:: Information provided

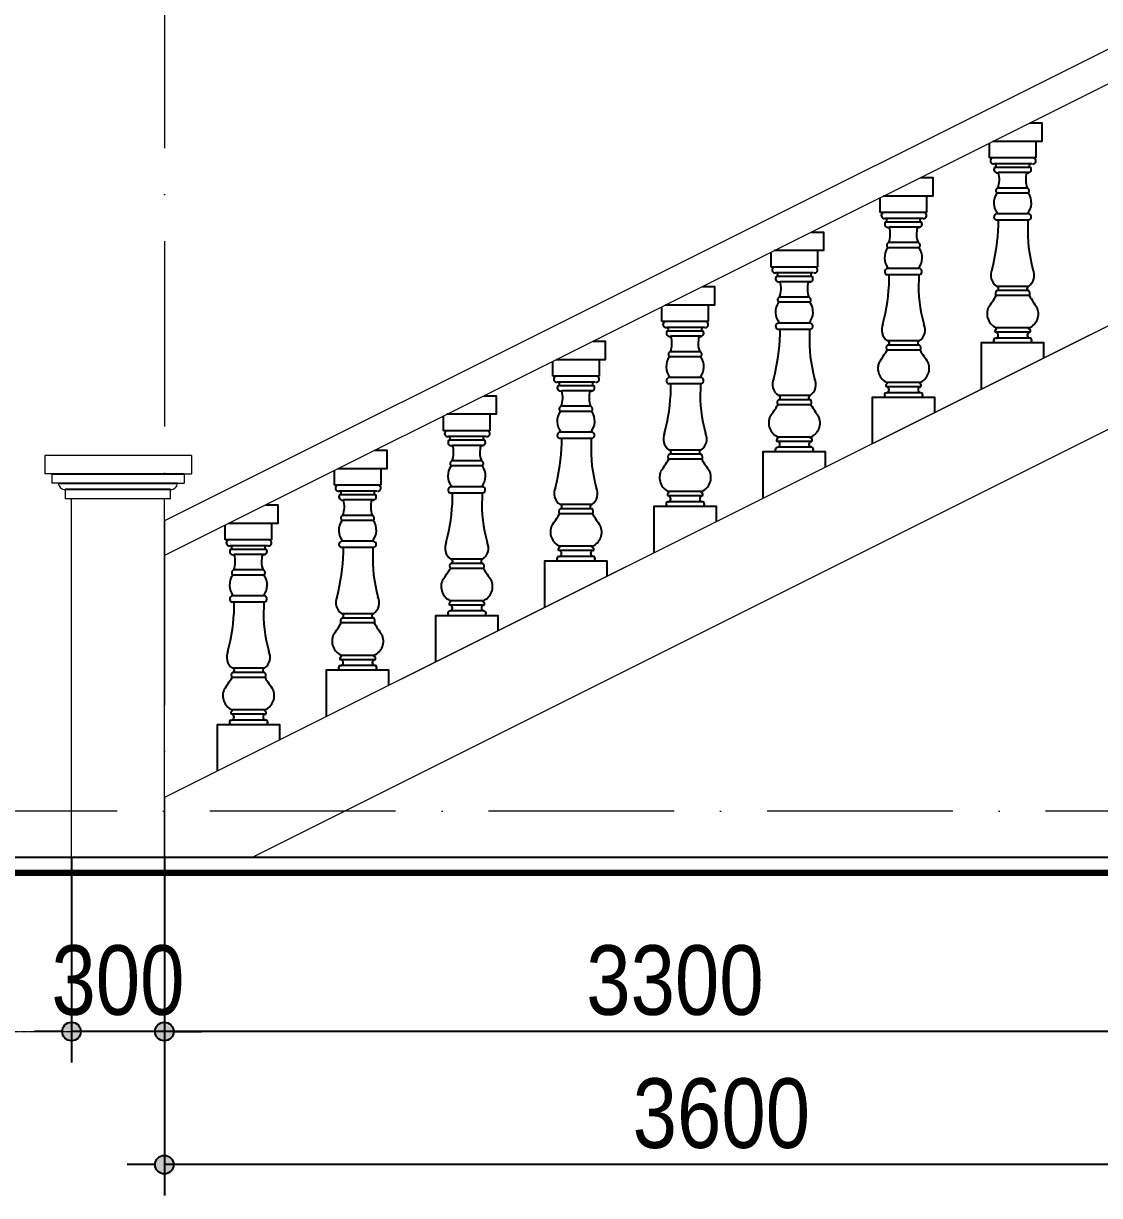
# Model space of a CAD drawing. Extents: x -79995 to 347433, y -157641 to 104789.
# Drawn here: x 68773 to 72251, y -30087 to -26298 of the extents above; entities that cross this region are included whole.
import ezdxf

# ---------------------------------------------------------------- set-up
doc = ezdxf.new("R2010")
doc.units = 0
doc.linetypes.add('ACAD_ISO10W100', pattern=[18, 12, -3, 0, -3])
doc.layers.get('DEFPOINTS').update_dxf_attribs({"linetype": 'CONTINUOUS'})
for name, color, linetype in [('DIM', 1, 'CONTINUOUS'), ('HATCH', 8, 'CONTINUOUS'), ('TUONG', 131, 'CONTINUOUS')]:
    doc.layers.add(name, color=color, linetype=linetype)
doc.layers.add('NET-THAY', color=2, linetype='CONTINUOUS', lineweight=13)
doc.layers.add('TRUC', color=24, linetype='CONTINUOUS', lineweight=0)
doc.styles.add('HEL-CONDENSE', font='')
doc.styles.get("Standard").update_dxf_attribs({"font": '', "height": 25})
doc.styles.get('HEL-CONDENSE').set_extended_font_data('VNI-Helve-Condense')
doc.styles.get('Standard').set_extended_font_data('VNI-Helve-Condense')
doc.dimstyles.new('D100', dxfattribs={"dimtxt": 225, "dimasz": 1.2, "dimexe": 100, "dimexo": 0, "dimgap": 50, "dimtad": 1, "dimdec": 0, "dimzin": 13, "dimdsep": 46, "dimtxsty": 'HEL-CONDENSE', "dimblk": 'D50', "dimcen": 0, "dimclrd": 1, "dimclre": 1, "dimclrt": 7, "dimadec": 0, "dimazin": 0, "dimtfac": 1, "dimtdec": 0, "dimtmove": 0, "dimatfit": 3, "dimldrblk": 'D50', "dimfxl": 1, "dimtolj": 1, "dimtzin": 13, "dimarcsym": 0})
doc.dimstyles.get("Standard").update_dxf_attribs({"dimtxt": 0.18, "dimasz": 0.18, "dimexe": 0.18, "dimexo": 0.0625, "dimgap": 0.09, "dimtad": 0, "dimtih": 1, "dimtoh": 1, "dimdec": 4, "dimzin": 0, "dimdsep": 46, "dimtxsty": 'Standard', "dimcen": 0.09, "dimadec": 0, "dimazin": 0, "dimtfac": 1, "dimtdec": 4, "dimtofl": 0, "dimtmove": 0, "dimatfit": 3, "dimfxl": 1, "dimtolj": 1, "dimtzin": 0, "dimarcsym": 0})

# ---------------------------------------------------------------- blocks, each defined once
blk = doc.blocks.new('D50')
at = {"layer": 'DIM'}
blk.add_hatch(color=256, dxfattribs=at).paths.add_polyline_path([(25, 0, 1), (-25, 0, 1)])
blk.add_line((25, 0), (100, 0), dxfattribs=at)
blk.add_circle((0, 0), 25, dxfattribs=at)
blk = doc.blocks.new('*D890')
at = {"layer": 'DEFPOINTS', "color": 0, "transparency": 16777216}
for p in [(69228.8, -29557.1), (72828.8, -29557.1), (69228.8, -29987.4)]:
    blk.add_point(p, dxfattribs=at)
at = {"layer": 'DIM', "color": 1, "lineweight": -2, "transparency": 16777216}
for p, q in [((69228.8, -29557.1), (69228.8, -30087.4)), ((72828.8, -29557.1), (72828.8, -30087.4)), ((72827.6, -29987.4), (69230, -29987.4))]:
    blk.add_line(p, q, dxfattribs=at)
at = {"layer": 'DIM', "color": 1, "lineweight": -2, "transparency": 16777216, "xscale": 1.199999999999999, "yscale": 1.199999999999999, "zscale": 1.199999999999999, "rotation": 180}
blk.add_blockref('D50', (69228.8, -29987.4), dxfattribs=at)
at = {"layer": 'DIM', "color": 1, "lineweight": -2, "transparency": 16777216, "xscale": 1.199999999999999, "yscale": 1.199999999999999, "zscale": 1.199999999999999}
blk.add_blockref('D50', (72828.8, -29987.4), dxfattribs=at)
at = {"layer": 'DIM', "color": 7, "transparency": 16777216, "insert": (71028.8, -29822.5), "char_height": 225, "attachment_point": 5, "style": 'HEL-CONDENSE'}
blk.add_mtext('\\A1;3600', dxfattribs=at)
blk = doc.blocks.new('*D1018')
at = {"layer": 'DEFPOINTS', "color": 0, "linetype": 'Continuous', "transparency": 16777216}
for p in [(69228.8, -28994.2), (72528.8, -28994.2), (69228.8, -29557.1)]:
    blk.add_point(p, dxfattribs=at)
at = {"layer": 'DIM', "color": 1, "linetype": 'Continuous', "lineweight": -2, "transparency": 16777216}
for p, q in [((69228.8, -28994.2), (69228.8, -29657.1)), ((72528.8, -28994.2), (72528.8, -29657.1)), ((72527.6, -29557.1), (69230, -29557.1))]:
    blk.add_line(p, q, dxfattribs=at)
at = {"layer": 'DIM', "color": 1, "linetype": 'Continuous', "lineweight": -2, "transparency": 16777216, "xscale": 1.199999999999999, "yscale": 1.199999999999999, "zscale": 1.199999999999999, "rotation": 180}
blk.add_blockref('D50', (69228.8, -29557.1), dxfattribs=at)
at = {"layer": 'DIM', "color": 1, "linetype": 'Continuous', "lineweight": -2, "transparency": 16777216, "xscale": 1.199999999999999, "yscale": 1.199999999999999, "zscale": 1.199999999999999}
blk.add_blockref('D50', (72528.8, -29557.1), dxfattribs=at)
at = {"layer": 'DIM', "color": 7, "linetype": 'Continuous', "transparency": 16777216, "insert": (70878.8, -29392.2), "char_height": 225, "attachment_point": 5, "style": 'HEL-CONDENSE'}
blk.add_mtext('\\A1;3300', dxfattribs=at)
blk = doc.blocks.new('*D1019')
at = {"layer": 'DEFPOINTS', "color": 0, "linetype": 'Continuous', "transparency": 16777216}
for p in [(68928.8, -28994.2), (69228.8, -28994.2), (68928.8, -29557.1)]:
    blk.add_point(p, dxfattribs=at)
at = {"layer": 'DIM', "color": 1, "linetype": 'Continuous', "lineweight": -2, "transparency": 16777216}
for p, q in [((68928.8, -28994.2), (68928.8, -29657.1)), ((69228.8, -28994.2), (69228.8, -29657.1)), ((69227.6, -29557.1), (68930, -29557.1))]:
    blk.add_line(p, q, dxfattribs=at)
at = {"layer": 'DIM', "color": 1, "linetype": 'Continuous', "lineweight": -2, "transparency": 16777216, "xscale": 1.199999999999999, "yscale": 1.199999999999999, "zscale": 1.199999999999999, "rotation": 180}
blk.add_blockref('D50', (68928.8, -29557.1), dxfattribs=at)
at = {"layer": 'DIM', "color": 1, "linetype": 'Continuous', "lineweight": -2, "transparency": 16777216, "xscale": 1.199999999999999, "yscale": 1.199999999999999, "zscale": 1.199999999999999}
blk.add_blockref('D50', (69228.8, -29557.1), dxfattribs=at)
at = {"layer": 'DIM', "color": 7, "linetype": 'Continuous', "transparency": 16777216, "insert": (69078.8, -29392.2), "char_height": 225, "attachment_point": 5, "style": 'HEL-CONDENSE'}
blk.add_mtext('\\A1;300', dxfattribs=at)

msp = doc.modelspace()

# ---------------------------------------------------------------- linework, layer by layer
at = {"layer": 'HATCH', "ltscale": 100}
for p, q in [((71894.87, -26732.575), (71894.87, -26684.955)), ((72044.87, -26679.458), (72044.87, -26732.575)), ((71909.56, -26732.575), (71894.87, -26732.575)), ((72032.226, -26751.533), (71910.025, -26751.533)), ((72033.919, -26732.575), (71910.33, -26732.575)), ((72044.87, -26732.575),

::::

## What you have to do
The answer must consist of every line in the records above that contains the word "dimadec".

## Finished task
doc.dimstyles.new('D100', dxfattribs={"dimtxt": 225, "dimasz": 1.2, "dimexe": 100, "dimexo": 0, "dimgap": 50, "dimtad": 1, "dimdec": 0, "dimzin": 13, "dimdsep": 46, "dimtxsty": 'HEL-CONDENSE', "dimblk": 'D50', "dimcen": 0, "dimclrd": 1, "dimclre": 1, "dimclrt": 7, "dimadec": 0, "dimazin": 0, "dimtfac": 1, "dimtdec": 0, "dimtmove": 0, "dimatfit": 3, "dimldrblk": 'D50', "dimfxl": 1, "dimtolj": 1, "dimtzin": 13, "dimarcsym": 0})
doc.dimstyles.get("Standard").update_dxf_attribs({"dimtxt": 0.18, "dimasz": 0.18, "dimexe": 0.18, "dimexo": 0.0625, "dimgap": 0.09, "dimtad": 0, "dimtih": 1, "dimtoh": 1, "dimdec": 4, "dimzin": 0, "dimdsep": 46, "dimtxsty": 'Standard', "dimcen": 0.09, "dimadec": 0, "dimazin": 0, "dimtfac": 1, "dimtdec": 4, "dimtofl": 0, "dimtmove": 0, "dimatfit": 3, "dimfxl": 1, "dimtolj": 1, "dimtzin": 0, "dimarcsym": 0})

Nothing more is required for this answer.